De jegens het ministerie van Landbouw, Natuur en Voedselkwaliteit (LNV) geuite verwijten en beschuldigingen in de radio-uitzendingen van Argos (6 mei jl.) en De Ochtenden (9 mei jl.) missen mijns inziens alle grond.
Het radioprogramma Argos van 6 mei ging voornamelijk over invoer van diermeel en stromen van diermeel in de jaren negentig van de vorige eeuw. Destijds golden ten aanzien van handel en verwerking van diermeel in Nederland en Europa andere voorschriften dan heden ten dage.
In mijn brief van 16 januari 2003 (Kamerstukken 2002-2003, 24 668, nr. 87) aan de Tweede Kamer heb ik u laten weten dat bij reguliere controles in Nederland geen schendingen van in- en uitvoerverboden geconstateerd zijn. Naast deze reguliere controles heeft de Algemene Inspectiedienst (AID) in 2001 nader onderzoek uitgevoerd, over de periode 1996-1999, naar bedrijven die werkzaam waren in de diermeelsector en ook bij dit onderzoek zijn geen strafbare feiten geconstateerd. Ook in het reguliere onderzoek van de Voedsel en Waren Autoriteit (VWA) naar de mogelijke aanwezigheid van diermeel in diervoeders is de laatste jaren geen verontreiniging met diermeel gebleken.
In de uitzending van 9 mei werd mij verweten dat ik de Tweede Kamer onjuist zou hebben geïnformeerd over de rijksbijdrage aan Rendac. Ik ga daarop in, in mijn antwoord op vraag 4.


2
Is het waar dat import van diermeel uit landen van de EU zonder specifieke controle mogelijk is? Is er zicht op de bestemming van het diermeel? Hoe zit het met de import van en de controle op diermeel van buiten de EU?
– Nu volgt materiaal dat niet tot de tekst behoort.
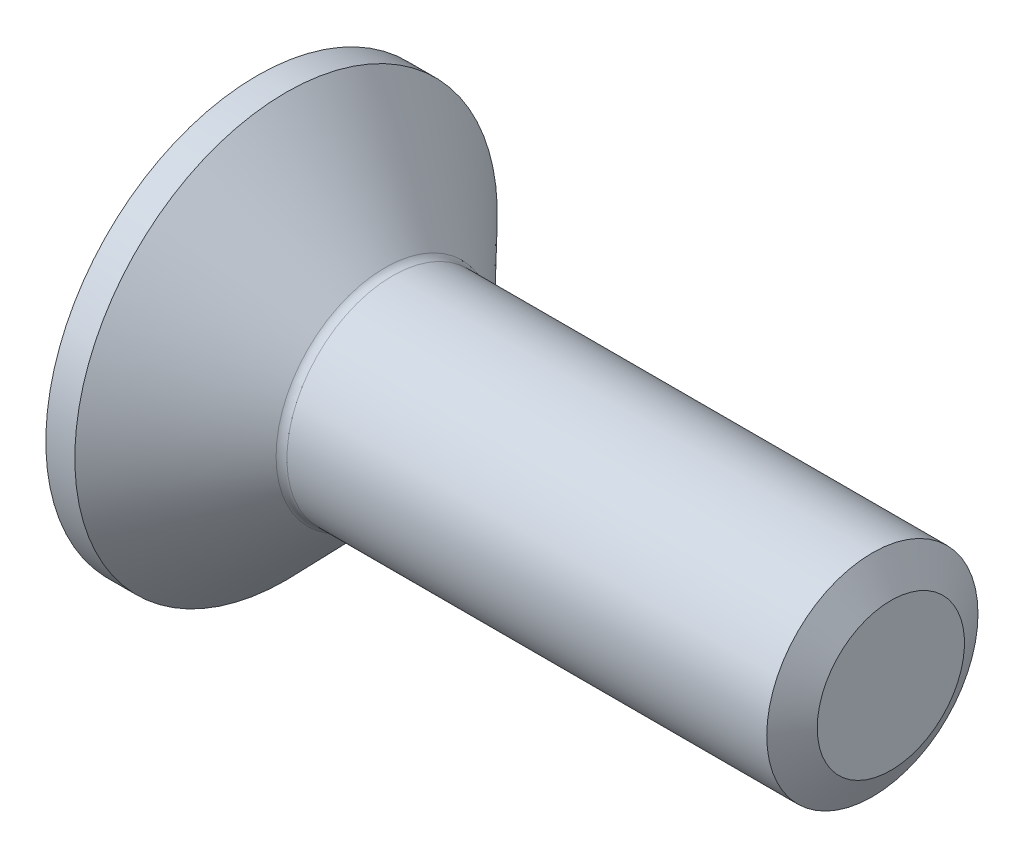
ISO-10303-21;
HEADER;
FILE_DESCRIPTION(('STEP AP214'),'2;1');
FILE_NAME('part.step','',(''),(''),'','','');
FILE_SCHEMA(('AUTOMOTIVE_DESIGN { 1 0 10303 214 1 1 1 1 }'));
ENDSEC;
DATA;
#1=APPLICATION_CONTEXT('core data for automotive mechanical design processes');
#2=APPLICATION_PROTOCOL_DEFINITION('international standard','automotive_design',2000,#1);
#3=PRODUCT_CONTEXT('',#1,'mechanical');
#4=PRODUCT('Part','Part','',(#3));
#5=PRODUCT_RELATED_PRODUCT_CATEGORY('part','',(#4));
#6=PRODUCT_DEFINITION_FORMATION('','',#4);
#7=PRODUCT_DEFINITION_CONTEXT('part definition',#1,'design');
#8=PRODUCT_DEFINITION('design','',#6,#7);
#9=PRODUCT_DEFINITION_SHAPE('','',#8);
#10=(LENGTH_UNIT() NAMED_UNIT(*) SI_UNIT(.MILLI.,.METRE.));
#11=(NAMED_UNIT(*) PLANE_ANGLE_UNIT() SI_UNIT($,.RADIAN.));
#12=(NAMED_UNIT(*) SI_UNIT($,.STERADIAN.) SOLID_ANGLE_UNIT());
#13=UNCERTAINTY_MEASURE_WITH_UNIT(LENGTH_MEASURE(1.E-05),#10,'distance_accuracy_value','');
#14=(GEOMETRIC_REPRESENTATION_CONTEXT(3) GLOBAL_UNCERTAINTY_ASSIGNED_CONTEXT((#13)) GLOBAL_UNIT_ASSIGNED_CONTEXT((#10,
#11,#12)) REPRESENTATION_CONTEXT('',''));
#15=CARTESIAN_POINT('',(0.,0.,0.));
#16=DIRECTION('',(0.,0.,1.));
#17=DIRECTION('',(1.,0.,0.));
#18=AXIS2_PLACEMENT_3D('',#15,#16,#17);
#19=CARTESIAN_POINT('',(0.,0.,0.));
#20=DIRECTION('',(1.,0.,0.));
#21=DIRECTION('',(0.,1.,0.));
#22=AXIS2_PLACEMENT_3D('',#19,#20,#21);
#23=CYLINDRICAL_SURFACE('',#22,2.);
#24=CARTESIAN_POINT('',(-9.43510503675808,0.,0.));
#25=DIRECTION('',(1.,0.,0.));
#26=DIRECTION('',(0.,1.,0.));
#27=AXIS2_PLACEMENT_3D('',#24,#25,#26);
#28=CIRCLE('',#27,2.);
#29=CARTESIAN_POINT('',(-9.43510503675808,2.,0.));
#30=VERTEX_POINT('',#29);
#31=EDGE_CURVE('E125',#30,#30,#28,.T.);
#32=ORIENTED_EDGE('',*,*,#31,.T.);
#33=EDGE_LOOP('',(#32));
#34=FACE_BOUND('',#33,.T.);
#35=CARTESIAN_POINT('',(-0.35,0.,0.));
#36=DIRECTION('',(-1.,0.,0.));
#37=DIRECTION('',(0.,0.,1.));
#38=AXIS2_PLACEMENT_3D('',#35,#36,#37);
#39=CIRCLE('',#38,2.);
#40=CARTESIAN_POINT('',(-0.35,0.,2.));
#41=VERTEX_POINT('',#40);
#42=EDGE_CURVE('E300',#41,#41,#39,.T.);
#43=ORIENTED_EDGE('',*,*,#42,.T.);
#44=EDGE_LOOP('',(#43));
#45=FACE_BOUND('',#44,.T.);
#46=ADVANCED_FACE('F38',(#34,#45),#23,.T.);
#47=CARTESIAN_POINT('',(-12.,4.,0.));
#48=DIRECTION('',(-1.,0.,0.));
#49=DIRECTION('',(0.,-1.,0.));
#50=AXIS2_PLACEMENT_3D('',#47,#48,#49);
#51=PLANE('',#50);
#52=CARTESIAN_POINT('',(-12.,0.,0.));
#53=DIRECTION('',(1.,0.,0.));
#54=DIRECTION('',(0.,1.,0.));
#55=AXIS2_PLACEMENT_3D('',#52,#53,#54);
#56=CIRCLE('',#55,4.);
#57=CARTESIAN_POINT('',(-12.,4.,0.));
#58=VERTEX_POINT('',#57);
#59=EDGE_CURVE('E208',#58,#58,#56,.T.);
#60=ORIENTED_EDGE('',*,*,#59,.F.);
#61=EDGE_LOOP('',(#60));
#62=FACE_BOUND('',#61,.T.);
#63=CARTESIAN_POINT('',(-12.,0.,0.));
#64=DIRECTION('',(-1.,0.,0.));
#65=DIRECTION('',(0.,-1.,0.));
#66=AXIS2_PLACEMENT_3D('',#63,#64,#65);
#67=CIRCLE('',#66,1.44337567297406);
#68=CARTESIAN_POINT('',(-12.,-0.721687836487038,1.24999999999999));
#69=VERTEX_POINT('',#68);
#70=CARTESIAN_POINT('',(-12.,-1.44337567297406,0.));
#71=VERTEX_POINT('',#70);
#72=EDGE_CURVE('E42',#69,#71,#67,.F.);
#73=ORIENTED_EDGE('',*,*,#72,.T.);
#74=CARTESIAN_POINT('',(-12.,-0.721687836487037,-1.24999999999999));
#75=VERTEX_POINT('',#74);
#76=EDGE_CURVE('E11',#71,#75,#67,.F.);
#77=ORIENTED_EDGE('',*,*,#76,.T.);
#78=CARTESIAN_POINT('',(-12.,0.721687836487031,-1.25));
#79=VERTEX_POINT('',#78);
#80=EDGE_CURVE('E47',#75,#79,#67,.F.);
#81=ORIENTED_EDGE('',*,*,#80,.T.);
#82=CARTESIAN_POINT('',(-12.,1.44337567297406,0.));
#83=VERTEX_POINT('',#82);
#84=EDGE_CURVE('E112',#79,#83,#67,.F.);
#85=ORIENTED_EDGE('',*,*,#84,.T.);
#86=CARTESIAN_POINT('',(-12.,0.,0.));
#87=DIRECTION('',(-1.,0.,0.));
#88=DIRECTION('',(0.,0.,1.));
#89=AXIS2_PLACEMENT_3D('',#86,#87,#88);
#90=CIRCLE('',#89,1.44337567297406);
#91=CARTESIAN_POINT('',(-12.,0.721687836487035,1.25));
#92=VERTEX_POINT('',#91);
#93=EDGE_CURVE('E97',#92,#83,#90,.T.);
#94=ORIENTED_EDGE('',*,*,#93,.F.);
#95=EDGE_CURVE('E106',#92,#69,#67,.F.);
#96=ORIENTED_EDGE('',*,*,#95,.T.);
#97=EDGE_LOOP('',(#73,#77,#81,#85,#94,#96));
#98=FACE_BOUND('',#97,.T.);
#99=ADVANCED_FACE('F113',(#62,#98),#51,.T.);
#100=CARTESIAN_POINT('',(0.,0.,0.));
#101=DIRECTION('',(1.,0.,0.));
#102=DIRECTION('',(0.,1.,0.));
#103=AXIS2_PLACEMENT_3D('',#100,#101,#102);
#104=CYLINDRICAL_SURFACE('',#103,4.);
#105=ORIENTED_EDGE('',*,*,#59,.T.);
#106=EDGE_LOOP('',(#105));
#107=FACE_BOUND('',#106,.T.);
#108=CARTESIAN_POINT('',(-11.4513775496141,0.,0.));
#109=DIRECTION('',(1.,0.,0.));
#110=DIRECTION('',(0.,1.,0.));
#111=AXIS2_PLACEMENT_3D('',#108,#109,#110);
#112=CIRCLE('',#111,4.);
#113=CARTESIAN_POINT('',(-11.4513775496141,4.,0.));
#114=VERTEX_POINT('',#113);
#115=EDGE_CURVE('E210',#114,#114,#112,.T.);
#116=ORIENTED_EDGE('',*,*,#115,.F.);
#117=EDGE_LOOP('',(#116));
#118=FACE_BOUND('',#117,.T.);
#119=ADVANCED_FACE('F198',(#107,#118),#104,.T.);
#120=CARTESIAN_POINT('',(-9.57897299682581,0.,0.));
#121=DIRECTION('',(-1.,0.,0.));
#122=DIRECTION('',(0.,-1.,0.));
#123=AXIS2_PLACEMENT_3D('',#120,#121,#122);
#124=CONICAL_SURFACE('',#123,2.0610683259082,0.802851455917394);
#125=ORIENTED_EDGE('',*,*,#115,.T.);
#126=EDGE_LOOP('',(#125));
#127=FACE_BOUND('',#126,.T.);
#128=CARTESIAN_POINT('',(-9.57897299682581,0.,0.));
#129=DIRECTION('',(1.,0.,0.));
#130=DIRECTION('',(0.,1.,0.));
#131=AXIS2_PLACEMENT_3D('',#128,#129,#130);
#132=CIRCLE('',#131,2.0610683259082);
#133=CARTESIAN_POINT('',(-9.57897299682581,2.0610683259082,0.));
#134=VERTEX_POINT('',#133);
#135=EDGE_CURVE('E214',#134,#134,#132,.T.);
#136=ORIENTED_EDGE('',*,*,#135,.F.);
#137=EDGE_LOOP('',(#136));
#138=FACE_BOUND('',#137,.T.);
#139=ADVANCED_FACE('F194',(#127,#138),#124,.T.);
#140=CARTESIAN_POINT('',(-9.43510503675808,0.,0.));
#141=DIRECTION('',(1.,0.,0.));
#142=DIRECTION('',(0.,1.,0.));
#143=AXIS2_PLACEMENT_3D('',#140,#141,#142);
#144=TOROIDAL_SURFACE('',#143,2.2,0.200000000000001);
#145=ORIENTED_EDGE('',*,*,#135,.T.);
#146=EDGE_LOOP('',(#145));
#147=FACE_BOUND('',#146,.T.);
#148=ORIENTED_EDGE('',*,*,#31,.F.);
#149=EDGE_LOOP('',(#148));
#150=FACE_BOUND('',#149,.T.);
#151=ADVANCED_FACE('F190',(#147,#150),#144,.F.);
#152=CARTESIAN_POINT('',(-11.593,0.,0.));
#153=DIRECTION('',(-1.,0.,0.));
#154=DIRECTION('',(0.,0.,1.));
#155=AXIS2_PLACEMENT_3D('',#152,#153,#154);
#156=CONICAL_SURFACE('',#155,0.,1.29595448752628);
#157=CARTESIAN_POINT('',(-12.0000325639069,-0.721572366433196,1.2502));
#158=CARTESIAN_POINT('',(-11.991576864719,-0.751541131585368,1.19829257611634));
#159=CARTESIAN_POINT('',(-11.9838983725877,-0.781569978777701,1.1462810870865));
#160=CARTESIAN_POINT('',(-11.9704054515754,-0.841745134078227,1.04205466075264));
#161=CARTESIAN_POINT('',(-11.964591866691,-0.871891489137523,0.989839642126926));
#162=CARTESIAN_POINT('',(-11.9551735985119,-0.932099362057423,0.885556547214009));
#163=CARTESIAN_POINT('',(-11.9515564854096,-0.962160380653126,0.833489335678977));
#164=CARTESIAN_POINT('',(-11.9467061131036,-1.02232485811963,0.729281403896156));
#165=CARTESIAN_POINT('',(-11.9454723393403,-1.05242830642509,0.677140701948078));
#166=CARTESIAN_POINT('',(-11.9454723393403,-1.11263520303601,0.572859298051921));
#167=CARTESIAN_POINT('',(-11.9467061131036,-1.14273865134147,0.520718596103843));
#168=CARTESIAN_POINT('',(-11.9515564854096,-1.20290312880797,0.416510664321023));
#169=CARTESIAN_POINT('',(-11.9551735985119,-1.23296414740368,0.364443452785991));
#170=CARTESIAN_POINT('',(-11.964591866691,-1.29317202032358,0.260160357873074));
#171=CARTESIAN_POINT('',(-11.9704054515754,-1.32331837538287,0.207945339247363));
#172=CARTESIAN_POINT('',(-11.9838983725877,-1.3834935306834,0.103718912913504));
#173=CARTESIAN_POINT('',(-11.991576864719,-1.41352237787573,0.0517074238836609));
#174=CARTESIAN_POINT('',(-12.0000325639069,-1.4434911430279,-0.000199999999999676));
#175=B_SPLINE_CURVE_WITH_KNOTS('',3,(#157,#158,#159,#160,#161,#162,#163,#164,#165,#166,#167,
#168,#169,#170,#171,#172,#173,#174),.UNSPECIFIED.,.F.,.F.,(4,2,2,2,2,2,2,2,4),(0.,
0.18160374958483,0.36328957156208,0.543937414070992,0.72454625060746,0.905155087143927,
1.08580292965284,1.26748875163009,1.44909250121492),.UNSPECIFIED.);
#176=EDGE_CURVE('E131',#69,#71,#175,.T.);
#177=ORIENTED_EDGE('',*,*,#176,.T.);
#178=ORIENTED_EDGE('',*,*,#72,.F.);
#179=EDGE_LOOP('',(#177,#178));
#180=FACE_BOUND('',#179,.T.);
#181=ADVANCED_FACE('F193',(#180),#156,.F.);
#182=CARTESIAN_POINT('',(-12.230054854727,-1.88192774876372,1.25));
#183=CARTESIAN_POINT('',(-12.2168061816408,-1.8255137400607,1.25));
#184=CARTESIAN_POINT('',(-12.2037258112081,-1.76906017891574,1.25));
#185=CARTESIAN_POINT('',(-12.1779869751788,-1.65605409957583,1.25));
#186=CARTESIAN_POINT('',(-12.1653285307257,-1.59950157657072,1.25));
#187=CARTESIAN_POINT('',(-12.1280879422272,-1.42954612490577,1.25));
#188=CARTESIAN_POINT('',(-12.1042709227473,-1.31597293305457,1.25));
#189=CARTESIAN_POINT('',(-12.0599692539508,-1.08931538105831,1.25));
#190=CARTESIAN_POINT('',(-12.0394543826368,-0.976237048644353,1.25));
#191=CARTESIAN_POINT('',(-12.0031083621366,-0.74933253215309,1.25));
#192=CARTESIAN_POINT('',(-11.9872761488083,-0.635506524005941,1.25));
#193=CARTESIAN_POINT('',(-11.9623551261036,-0.40561706752441,1.25));
#194=CARTESIAN_POINT('',(-11.9533532269162,-0.289543448802647,1.25));
#195=CARTESIAN_POINT('',(-11.9465899221525,-0.115205222838835,1.25));
#196=CARTESIAN_POINT('',(-11.9454583626773,-0.0570644643245781,1.25));
#197=CARTESIAN_POINT('',(-11.9454865772141,0.0592166170352035,1.25));
#198=CARTESIAN_POINT('',(-11.9466463560642,0.117356939879549,1.25));
#199=CARTESIAN_POINT('',(-11.9535104843876,0.29216922677383,1.25));
#200=CARTESIAN_POINT('',(-11.9626193191916,0.408714396179603,1.25));
#201=CARTESIAN_POINT('',(-11.987953181016,0.641062051570891,1.25));
#202=CARTESIAN_POINT('',(-12.0041839479739,0.7568638619043,1.25));
#203=CARTESIAN_POINT('',(-12.0420513932587,0.991534965339216,1.25));
#204=CARTESIAN_POINT('',(-12.063850897622,1.11037712244683,1.25));
#205=CARTESIAN_POINT('',(-12.1107131319875,1.34742332227276,1.25));
#206=CARTESIAN_POINT('',(-12.1357764440616,1.46562724724241,1.25));
#207=CARTESIAN_POINT('',(-12.1880082919745,1.70160185265613,1.25));
#208=CARTESIAN_POINT('',(-12.2151774684754,1.81937238974697,1.25));
#209=CARTESIAN_POINT('',(-12.2709069397528,2.05458449010658,1.25));
#210=CARTESIAN_POINT('',(-12.2994672676032,2.17202604548372,1.25));
#211=CARTESIAN_POINT('',(-12.3571404984079,2.40505512634129,1.25));
#212=CARTESIAN_POINT('',(-12.3862403573857,2.52064589314675,1.25));
#213=CARTESIAN_POINT('',(-12.4451006119577,2.7516618269686,1.25));
#214=CARTESIAN_POINT('',(-12.4748610242592,2.86708698971762,1.25));
#215=CARTESIAN_POINT('',(-12.534817355156,3.09763737586545,1.25));
#216=CARTESIAN_POINT('',(-12.5650125463553,3.21276278881204,1.25));
#217=CARTESIAN_POINT('',(-12.6257689948511,3.44291215791421,1.25));
#218=CARTESIAN_POINT('',(-12.656330237577,3.55793611791374,1.25));
#219=CARTESIAN_POINT('',(-12.687019012393,3.67292565898518,1.25));
#220=B_SPLINE_CURVE_WITH_KNOTS('',3,(#182,#183,#184,#185,#186,#187,#188,#189,#190,#191,#192,
#193,#194,#195,#196,#197,#198,#199,#200,#201,#202,#203,#204,#205,#206,#207,#208,#209,#210,#211,
#212,#213,#214,#215,#216,#217,#218,#219),.UNSPECIFIED.,.F.,.F.,(4,2,2,2,2,2,2,2,2,2,2,2,2,2,2,2,
2,2,4),(0.,0.173845962501762,0.347700623700958,0.695803457931749,1.04051283645618,
1.38514381887278,1.73408963262349,1.90850297063879,2.08291667692807,2.43329501130733,
2.78395625407464,3.14636001893446,3.50882850410612,3.87140769831936,4.2339955168655,
4.59158519290896,4.94918392371833,5.30624137064038,5.66328465178794),.UNSPECIFIED.);
#221=EDGE_CURVE('E102',#92,#69,#220,.F.);
#222=ORIENTED_EDGE('',*,*,#221,.T.);
#223=ORIENTED_EDGE('',*,*,#95,.F.);
#224=EDGE_LOOP('',(#222,#223));
#225=FACE_BOUND('',#224,.T.);
#226=ADVANCED_FACE('F107',(#225),#156,.F.);
#227=CARTESIAN_POINT('',(-12.0000325639069,1.4434911430279,-0.000200000000000113));
#228=CARTESIAN_POINT('',(-11.991576864719,1.41352237787573,0.0517074238836606));
#229=CARTESIAN_POINT('',(-11.9838983725877,1.3834935306834,0.103718912913504));
#230=CARTESIAN_POINT('',(-11.9704054515754,1.32331837538287,0.207945339247363));
#231=CARTESIAN_POINT('',(-11.964591866691,1.29317202032357,0.260160357873074));
#232=CARTESIAN_POINT('',(-11.9551735985119,1.23296414740367,0.364443452785991));
#233=CARTESIAN_POINT('',(-11.9515564854096,1.20290312880797,0.416510664321023));
#234=CARTESIAN_POINT('',(-11.9467061131036,1.14273865134147,0.520718596103843));
#235=CARTESIAN_POINT('',(-11.9454723393403,1.11263520303601,0.572859298051921));
#236=CARTESIAN_POINT('',(-11.9454723393403,1.05242830642509,0.677140701948078));
#237=CARTESIAN_POINT('',(-11.9467061131036,1.02232485811963,0.729281403896156));
#238=CARTESIAN_POINT('',(-11.9515564854096,0.962160380653124,0.833489335678976));
#239=CARTESIAN_POINT('',(-11.9551735985119,0.93209936205742,0.885556547214008));
#240=CARTESIAN_POINT('',(-11.964591866691,0.87189148913752,0.989839642126925));
#241=CARTESIAN_POINT('',(-11.9704054515754,0.841745134078225,1.04205466075264));
#242=CARTESIAN_POINT('',(-11.9838983725877,0.781569978777699,1.1462810870865));
#243=CARTESIAN_POINT('',(-11.991576864719,0.751541131585365,1.19829257611634));
#244=CARTESIAN_POINT('',(-12.0000325639069,0.721572366433194,1.2502));
#245=B_SPLINE_CURVE_WITH_KNOTS('',3,(#227,#228,#229,#230,#231,#232,#233,#234,#235,#236,#237,
#238,#239,#240,#241,#242,#243,#244),.UNSPECIFIED.,.F.,.F.,(4,2,2,2,2,2,2,2,4),(0.,
0.18160374958483,0.363289571562081,0.543937414070992,0.72454625060746,0.905155087143928,
1.08580292965284,1.26748875163009,1.44909250121492),.UNSPECIFIED.);
#246=EDGE_CURVE('E93',#83,#92,#245,.T.);
#247=ORIENTED_EDGE('',*,*,#246,.T.);
#248=ORIENTED_EDGE('',*,*,#93,.T.);
#249=EDGE_LOOP('',(#247,#248));
#250=FACE_BOUND('',#249,.T.);
#251=ADVANCED_FACE('F95',(#250),#156,.F.);
#252=CARTESIAN_POINT('',(-12.0000325639069,0.721572366433193,-1.2502));
#253=CARTESIAN_POINT('',(-11.991576864719,0.751541131585365,-1.19829257611634));
#254=CARTESIAN_POINT('',(-11.9838983725877,0.781569978777698,-1.1462810870865));
#255=CARTESIAN_POINT('',(-11.9704054515754,0.841745134078224,-1.04205466075264));
#256=CARTESIAN_POINT('',(-11.964591866691,0.87189148913752,-0.989839642126926));
#257=CARTESIAN_POINT('',(-11.9551735985119,0.93209936205742,-0.885556547214009));
#258=CARTESIAN_POINT('',(-11.9515564854096,0.962160380653123,-0.833489335678977));
#259=CARTESIAN_POINT('',(-11.9467061131036,1.02232485811963,-0.729281403896157));
#260=CARTESIAN_POINT('',(-11.9454723393403,1.05242830642509,-0.677140701948078));
#261=CARTESIAN_POINT('',(-11.9454723393403,1.11263520303601,-0.572859298051922));
#262=CARTESIAN_POINT('',(-11.9467061131036,1.14273865134147,-0.520718596103843));
#263=CARTESIAN_POINT('',(-11.9515564854096,1.20290312880797,-0.416510664321023));
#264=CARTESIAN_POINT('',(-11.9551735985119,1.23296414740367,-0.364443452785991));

Op grond van Europese voorschriften mag diermeel worden ingevoerd uit andere lidstaten van de Europese Unie, indien de minister van LNV daarvoor voorafgaand zijn toestemming heeft verleend. Voor de invoer uit andere lidstaten van verwerkte dierlijke eiwitten afkomstig van categorie 3-materiaal en categorie 2-materiaal (mits met een bepaalde verwerkingsmethode behandeld) is bij ministeriële regeling1 generiek toestemming verleend. Daarbij dient elke zending vooraf door de lidstaat van oorsprong te worden gemeld aan de VWA, onder vermelding van onder andere de bestemming. Op basis hiervan voert de VWA bestemmingscontroles uit. De invoer uit andere lidstaten van diermeel afkomstig van categorie 1-materiaal is vooralsnog niet toegestaan. De invoer uit derde landen van diermeel afkomstig van categorie
1-materiaal is volgens Europese voorschriften niet toegestaan. De invoer uit derde landen van diermeel afkomstig van categorie
2-materiaal is voor bepaalde doeleinden toegestaan, evenals de import van verwerkte dierlijke eiwitten, afkomstig van categorie 3-materiaal. Als voorwaarden voor deze invoer gelden onder andere dat het product afkomstig is uit een land dat voorkomt op een door de Europese Gemeenschap opgestelde lijst en dat het product vergezeld wordt van een officieel gezondheidscertificaat. Elke zending wordt bij een buitengrens inspectiepost (BIP) door de bevoegde autoriteit gecontroleerd en ook in dit geval voert de VWA bestemmingscontroles uit.


3
Is er sprake van een illegaal circuit op het terrein van de aanvoer en de verwerking van diermeel? Zo ja, welke aanwijzingen heeft u daarvoor?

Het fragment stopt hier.